**TASK TO CARRY OUT**
Please give back, word for word, only the lines starting at the one containing "Switch Case Action Subsystem5 : Subsystem" and ending at the one containing "Orbit propagator/2(VxVyVz_ECI) ->" within the material below.

_ _ _ _ _

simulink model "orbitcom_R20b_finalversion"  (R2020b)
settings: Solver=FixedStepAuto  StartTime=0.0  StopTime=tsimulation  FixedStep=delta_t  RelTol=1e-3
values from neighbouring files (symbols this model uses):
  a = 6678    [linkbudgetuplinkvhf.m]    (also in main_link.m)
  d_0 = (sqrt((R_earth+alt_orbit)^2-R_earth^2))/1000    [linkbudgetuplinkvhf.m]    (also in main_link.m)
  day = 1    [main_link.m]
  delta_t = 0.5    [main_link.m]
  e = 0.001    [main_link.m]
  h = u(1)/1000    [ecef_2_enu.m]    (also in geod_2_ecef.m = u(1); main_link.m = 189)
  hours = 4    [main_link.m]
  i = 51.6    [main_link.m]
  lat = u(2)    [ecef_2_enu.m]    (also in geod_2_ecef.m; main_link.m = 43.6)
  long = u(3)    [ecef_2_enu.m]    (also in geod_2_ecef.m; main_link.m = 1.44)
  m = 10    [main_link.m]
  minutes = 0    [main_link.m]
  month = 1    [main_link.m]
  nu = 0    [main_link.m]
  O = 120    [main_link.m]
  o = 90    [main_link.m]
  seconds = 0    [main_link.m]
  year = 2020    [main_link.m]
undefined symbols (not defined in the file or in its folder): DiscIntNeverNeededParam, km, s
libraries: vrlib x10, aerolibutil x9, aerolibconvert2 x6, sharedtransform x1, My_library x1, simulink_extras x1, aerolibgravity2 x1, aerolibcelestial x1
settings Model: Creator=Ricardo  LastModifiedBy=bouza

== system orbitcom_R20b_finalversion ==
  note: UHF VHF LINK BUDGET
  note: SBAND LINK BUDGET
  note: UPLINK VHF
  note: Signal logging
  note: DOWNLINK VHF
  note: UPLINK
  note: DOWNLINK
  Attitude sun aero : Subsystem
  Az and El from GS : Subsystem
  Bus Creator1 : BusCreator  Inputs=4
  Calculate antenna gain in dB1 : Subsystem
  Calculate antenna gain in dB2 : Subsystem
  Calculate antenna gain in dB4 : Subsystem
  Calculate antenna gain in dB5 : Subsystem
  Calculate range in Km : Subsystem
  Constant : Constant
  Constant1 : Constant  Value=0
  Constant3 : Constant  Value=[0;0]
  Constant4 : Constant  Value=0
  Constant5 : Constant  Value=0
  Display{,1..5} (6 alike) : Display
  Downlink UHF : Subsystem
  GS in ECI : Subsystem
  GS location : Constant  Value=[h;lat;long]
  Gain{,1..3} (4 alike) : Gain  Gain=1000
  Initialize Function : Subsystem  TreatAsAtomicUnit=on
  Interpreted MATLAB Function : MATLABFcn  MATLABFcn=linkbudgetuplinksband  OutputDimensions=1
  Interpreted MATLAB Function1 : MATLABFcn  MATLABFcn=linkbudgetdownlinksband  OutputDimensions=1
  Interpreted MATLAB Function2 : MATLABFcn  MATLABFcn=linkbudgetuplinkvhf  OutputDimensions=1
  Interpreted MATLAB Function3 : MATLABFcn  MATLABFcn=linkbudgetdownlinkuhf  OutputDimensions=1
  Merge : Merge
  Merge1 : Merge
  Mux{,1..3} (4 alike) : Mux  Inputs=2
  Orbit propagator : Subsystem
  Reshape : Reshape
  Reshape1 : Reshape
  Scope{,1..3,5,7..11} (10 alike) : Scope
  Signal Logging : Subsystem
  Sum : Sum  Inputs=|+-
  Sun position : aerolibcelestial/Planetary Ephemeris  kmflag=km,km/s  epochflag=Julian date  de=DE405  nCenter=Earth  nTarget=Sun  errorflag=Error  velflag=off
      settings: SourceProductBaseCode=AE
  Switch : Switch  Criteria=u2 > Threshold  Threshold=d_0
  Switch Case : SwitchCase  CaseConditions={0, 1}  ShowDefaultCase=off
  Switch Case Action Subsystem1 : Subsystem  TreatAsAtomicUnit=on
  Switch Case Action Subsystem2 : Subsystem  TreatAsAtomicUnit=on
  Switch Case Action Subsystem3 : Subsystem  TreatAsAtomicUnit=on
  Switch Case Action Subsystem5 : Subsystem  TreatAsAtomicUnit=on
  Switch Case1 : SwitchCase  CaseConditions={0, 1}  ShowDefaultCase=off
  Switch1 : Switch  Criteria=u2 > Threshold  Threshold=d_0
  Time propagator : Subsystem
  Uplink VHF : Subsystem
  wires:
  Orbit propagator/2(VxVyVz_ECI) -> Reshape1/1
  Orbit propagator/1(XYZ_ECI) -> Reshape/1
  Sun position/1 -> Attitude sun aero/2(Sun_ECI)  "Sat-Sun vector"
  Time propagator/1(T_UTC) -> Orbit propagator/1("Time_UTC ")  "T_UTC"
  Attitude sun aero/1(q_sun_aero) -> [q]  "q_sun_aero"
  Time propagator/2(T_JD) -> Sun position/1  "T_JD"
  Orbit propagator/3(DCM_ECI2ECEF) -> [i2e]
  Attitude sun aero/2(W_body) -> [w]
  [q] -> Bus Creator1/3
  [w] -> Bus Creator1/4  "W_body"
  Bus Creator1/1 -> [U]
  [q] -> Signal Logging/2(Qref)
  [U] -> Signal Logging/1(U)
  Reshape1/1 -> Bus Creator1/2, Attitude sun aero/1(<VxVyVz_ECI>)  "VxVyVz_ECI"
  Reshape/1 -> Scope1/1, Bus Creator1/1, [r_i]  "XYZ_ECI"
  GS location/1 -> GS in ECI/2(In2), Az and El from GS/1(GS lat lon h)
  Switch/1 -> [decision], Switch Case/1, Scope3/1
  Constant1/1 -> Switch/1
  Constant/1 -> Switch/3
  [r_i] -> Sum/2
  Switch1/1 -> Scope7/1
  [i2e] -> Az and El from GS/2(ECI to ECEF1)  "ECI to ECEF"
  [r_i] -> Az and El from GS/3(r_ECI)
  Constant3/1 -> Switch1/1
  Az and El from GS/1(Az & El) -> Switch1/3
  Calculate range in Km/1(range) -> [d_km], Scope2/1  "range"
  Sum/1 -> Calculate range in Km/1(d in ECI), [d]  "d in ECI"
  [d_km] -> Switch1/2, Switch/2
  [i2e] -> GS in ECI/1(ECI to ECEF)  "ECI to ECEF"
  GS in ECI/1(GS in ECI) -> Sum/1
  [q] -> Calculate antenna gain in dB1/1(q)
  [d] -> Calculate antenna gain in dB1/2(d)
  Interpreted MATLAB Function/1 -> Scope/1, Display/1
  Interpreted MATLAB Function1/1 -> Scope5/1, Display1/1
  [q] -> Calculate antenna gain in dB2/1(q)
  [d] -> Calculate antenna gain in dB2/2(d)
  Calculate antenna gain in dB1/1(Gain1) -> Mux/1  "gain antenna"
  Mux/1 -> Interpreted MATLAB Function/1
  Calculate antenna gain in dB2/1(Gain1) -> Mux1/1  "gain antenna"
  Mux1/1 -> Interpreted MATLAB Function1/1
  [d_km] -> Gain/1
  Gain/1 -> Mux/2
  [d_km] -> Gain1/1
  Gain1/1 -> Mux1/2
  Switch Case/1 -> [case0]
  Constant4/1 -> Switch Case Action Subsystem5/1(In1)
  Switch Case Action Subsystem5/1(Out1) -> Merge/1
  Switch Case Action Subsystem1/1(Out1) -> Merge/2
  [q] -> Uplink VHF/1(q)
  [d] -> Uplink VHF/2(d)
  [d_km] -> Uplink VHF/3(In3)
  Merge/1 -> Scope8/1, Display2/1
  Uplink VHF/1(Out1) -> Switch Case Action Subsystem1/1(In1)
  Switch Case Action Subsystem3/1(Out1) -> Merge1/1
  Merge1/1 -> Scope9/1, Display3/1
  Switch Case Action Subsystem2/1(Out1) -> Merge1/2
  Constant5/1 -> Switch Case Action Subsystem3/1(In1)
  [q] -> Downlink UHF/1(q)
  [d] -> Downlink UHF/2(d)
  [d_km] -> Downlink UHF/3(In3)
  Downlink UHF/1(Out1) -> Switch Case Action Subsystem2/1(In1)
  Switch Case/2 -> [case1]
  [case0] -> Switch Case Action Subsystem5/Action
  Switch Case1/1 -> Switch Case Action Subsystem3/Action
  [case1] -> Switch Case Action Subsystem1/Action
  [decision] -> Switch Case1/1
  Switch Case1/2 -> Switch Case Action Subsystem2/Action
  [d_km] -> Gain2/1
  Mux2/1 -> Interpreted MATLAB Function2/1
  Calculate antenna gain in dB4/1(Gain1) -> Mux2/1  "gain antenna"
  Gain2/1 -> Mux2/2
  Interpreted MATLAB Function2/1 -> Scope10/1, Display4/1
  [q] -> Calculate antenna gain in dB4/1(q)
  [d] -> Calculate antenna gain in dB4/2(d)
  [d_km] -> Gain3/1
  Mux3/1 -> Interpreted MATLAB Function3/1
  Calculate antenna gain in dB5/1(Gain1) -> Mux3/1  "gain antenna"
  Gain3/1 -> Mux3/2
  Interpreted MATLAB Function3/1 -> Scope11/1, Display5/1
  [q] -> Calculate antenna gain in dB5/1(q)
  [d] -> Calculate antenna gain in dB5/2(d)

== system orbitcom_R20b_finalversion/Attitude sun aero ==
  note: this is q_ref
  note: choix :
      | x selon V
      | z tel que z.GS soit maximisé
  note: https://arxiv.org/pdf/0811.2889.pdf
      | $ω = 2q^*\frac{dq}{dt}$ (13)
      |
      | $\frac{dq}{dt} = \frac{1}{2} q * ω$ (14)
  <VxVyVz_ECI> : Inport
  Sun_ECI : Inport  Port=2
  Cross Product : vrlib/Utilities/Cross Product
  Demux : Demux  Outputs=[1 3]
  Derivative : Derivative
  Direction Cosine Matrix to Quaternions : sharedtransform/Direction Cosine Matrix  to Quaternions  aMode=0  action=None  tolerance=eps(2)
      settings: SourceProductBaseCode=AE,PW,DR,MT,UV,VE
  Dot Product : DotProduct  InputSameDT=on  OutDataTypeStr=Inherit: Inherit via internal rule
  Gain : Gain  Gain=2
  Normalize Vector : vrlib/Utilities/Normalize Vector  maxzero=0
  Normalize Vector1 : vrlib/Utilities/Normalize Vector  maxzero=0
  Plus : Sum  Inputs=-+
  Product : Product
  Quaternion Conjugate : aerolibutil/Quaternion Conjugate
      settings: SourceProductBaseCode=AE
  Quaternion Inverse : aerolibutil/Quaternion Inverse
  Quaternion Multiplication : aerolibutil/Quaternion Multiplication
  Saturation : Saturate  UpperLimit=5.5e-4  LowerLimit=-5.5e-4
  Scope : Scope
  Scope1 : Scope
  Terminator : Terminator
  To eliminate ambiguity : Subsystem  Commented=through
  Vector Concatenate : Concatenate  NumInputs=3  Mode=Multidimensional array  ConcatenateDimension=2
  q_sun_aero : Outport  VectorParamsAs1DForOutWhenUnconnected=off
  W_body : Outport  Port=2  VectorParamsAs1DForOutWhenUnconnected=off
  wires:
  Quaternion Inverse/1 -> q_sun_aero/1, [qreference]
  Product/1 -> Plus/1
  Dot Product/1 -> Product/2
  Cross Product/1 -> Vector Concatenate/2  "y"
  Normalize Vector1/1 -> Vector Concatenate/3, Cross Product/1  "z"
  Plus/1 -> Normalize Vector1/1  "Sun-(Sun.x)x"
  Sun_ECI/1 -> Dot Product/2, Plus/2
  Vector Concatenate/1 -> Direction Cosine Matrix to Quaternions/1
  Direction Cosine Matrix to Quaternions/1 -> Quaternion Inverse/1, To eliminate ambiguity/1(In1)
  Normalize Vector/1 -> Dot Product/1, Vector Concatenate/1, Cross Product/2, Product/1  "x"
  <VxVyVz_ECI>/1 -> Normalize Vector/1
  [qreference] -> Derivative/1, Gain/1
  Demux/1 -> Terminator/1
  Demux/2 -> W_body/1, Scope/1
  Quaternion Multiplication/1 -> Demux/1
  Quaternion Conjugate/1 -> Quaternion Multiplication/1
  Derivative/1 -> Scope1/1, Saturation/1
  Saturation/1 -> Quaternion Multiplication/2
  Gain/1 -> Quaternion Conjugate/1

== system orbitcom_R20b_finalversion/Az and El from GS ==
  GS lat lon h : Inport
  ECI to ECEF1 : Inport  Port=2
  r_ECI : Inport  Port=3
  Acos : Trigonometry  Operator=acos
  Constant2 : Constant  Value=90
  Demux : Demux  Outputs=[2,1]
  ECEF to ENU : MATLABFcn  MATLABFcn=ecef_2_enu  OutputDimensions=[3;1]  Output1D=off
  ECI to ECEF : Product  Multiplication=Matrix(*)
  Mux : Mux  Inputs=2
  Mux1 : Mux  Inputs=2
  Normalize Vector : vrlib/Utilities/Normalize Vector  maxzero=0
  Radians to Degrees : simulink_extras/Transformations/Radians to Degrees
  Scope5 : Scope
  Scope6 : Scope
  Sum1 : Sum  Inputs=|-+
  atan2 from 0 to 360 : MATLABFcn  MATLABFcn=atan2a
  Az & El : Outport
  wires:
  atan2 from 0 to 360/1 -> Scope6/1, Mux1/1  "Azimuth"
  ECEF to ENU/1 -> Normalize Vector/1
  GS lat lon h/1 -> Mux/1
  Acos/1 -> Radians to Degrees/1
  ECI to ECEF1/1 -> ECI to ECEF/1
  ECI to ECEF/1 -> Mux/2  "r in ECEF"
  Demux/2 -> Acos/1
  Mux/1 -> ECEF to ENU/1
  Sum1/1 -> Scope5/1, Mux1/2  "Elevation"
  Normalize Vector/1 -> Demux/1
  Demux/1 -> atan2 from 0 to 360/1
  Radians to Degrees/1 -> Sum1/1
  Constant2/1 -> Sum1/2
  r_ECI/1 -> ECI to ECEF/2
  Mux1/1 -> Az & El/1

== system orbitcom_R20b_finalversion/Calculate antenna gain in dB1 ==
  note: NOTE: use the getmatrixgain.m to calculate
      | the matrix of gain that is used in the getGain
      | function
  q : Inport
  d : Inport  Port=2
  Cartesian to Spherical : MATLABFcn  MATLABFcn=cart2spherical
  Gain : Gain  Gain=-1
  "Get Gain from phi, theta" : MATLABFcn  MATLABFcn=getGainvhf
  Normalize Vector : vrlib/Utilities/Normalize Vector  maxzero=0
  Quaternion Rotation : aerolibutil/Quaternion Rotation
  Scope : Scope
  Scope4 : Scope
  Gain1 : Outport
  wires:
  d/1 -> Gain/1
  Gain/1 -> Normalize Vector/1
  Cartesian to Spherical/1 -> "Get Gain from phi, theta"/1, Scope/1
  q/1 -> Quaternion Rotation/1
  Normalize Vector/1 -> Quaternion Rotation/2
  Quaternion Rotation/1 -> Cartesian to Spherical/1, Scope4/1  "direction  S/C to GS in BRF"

_ _ _ _ _

**RESULT FOR THIS EXERCISE**
  Switch Case Action Subsystem5 : Subsystem  TreatAsAtomicUnit=on
  Switch Case1 : SwitchCase  CaseConditions={0, 1}  ShowDefaultCase=off
  Switch1 : Switch  Criteria=u2 > Threshold  Threshold=d_0
  Time propagator : Subsystem
  Uplink VHF : Subsystem
  wires:
  Orbit propagator/2(VxVyVz_ECI) -> Reshape1/1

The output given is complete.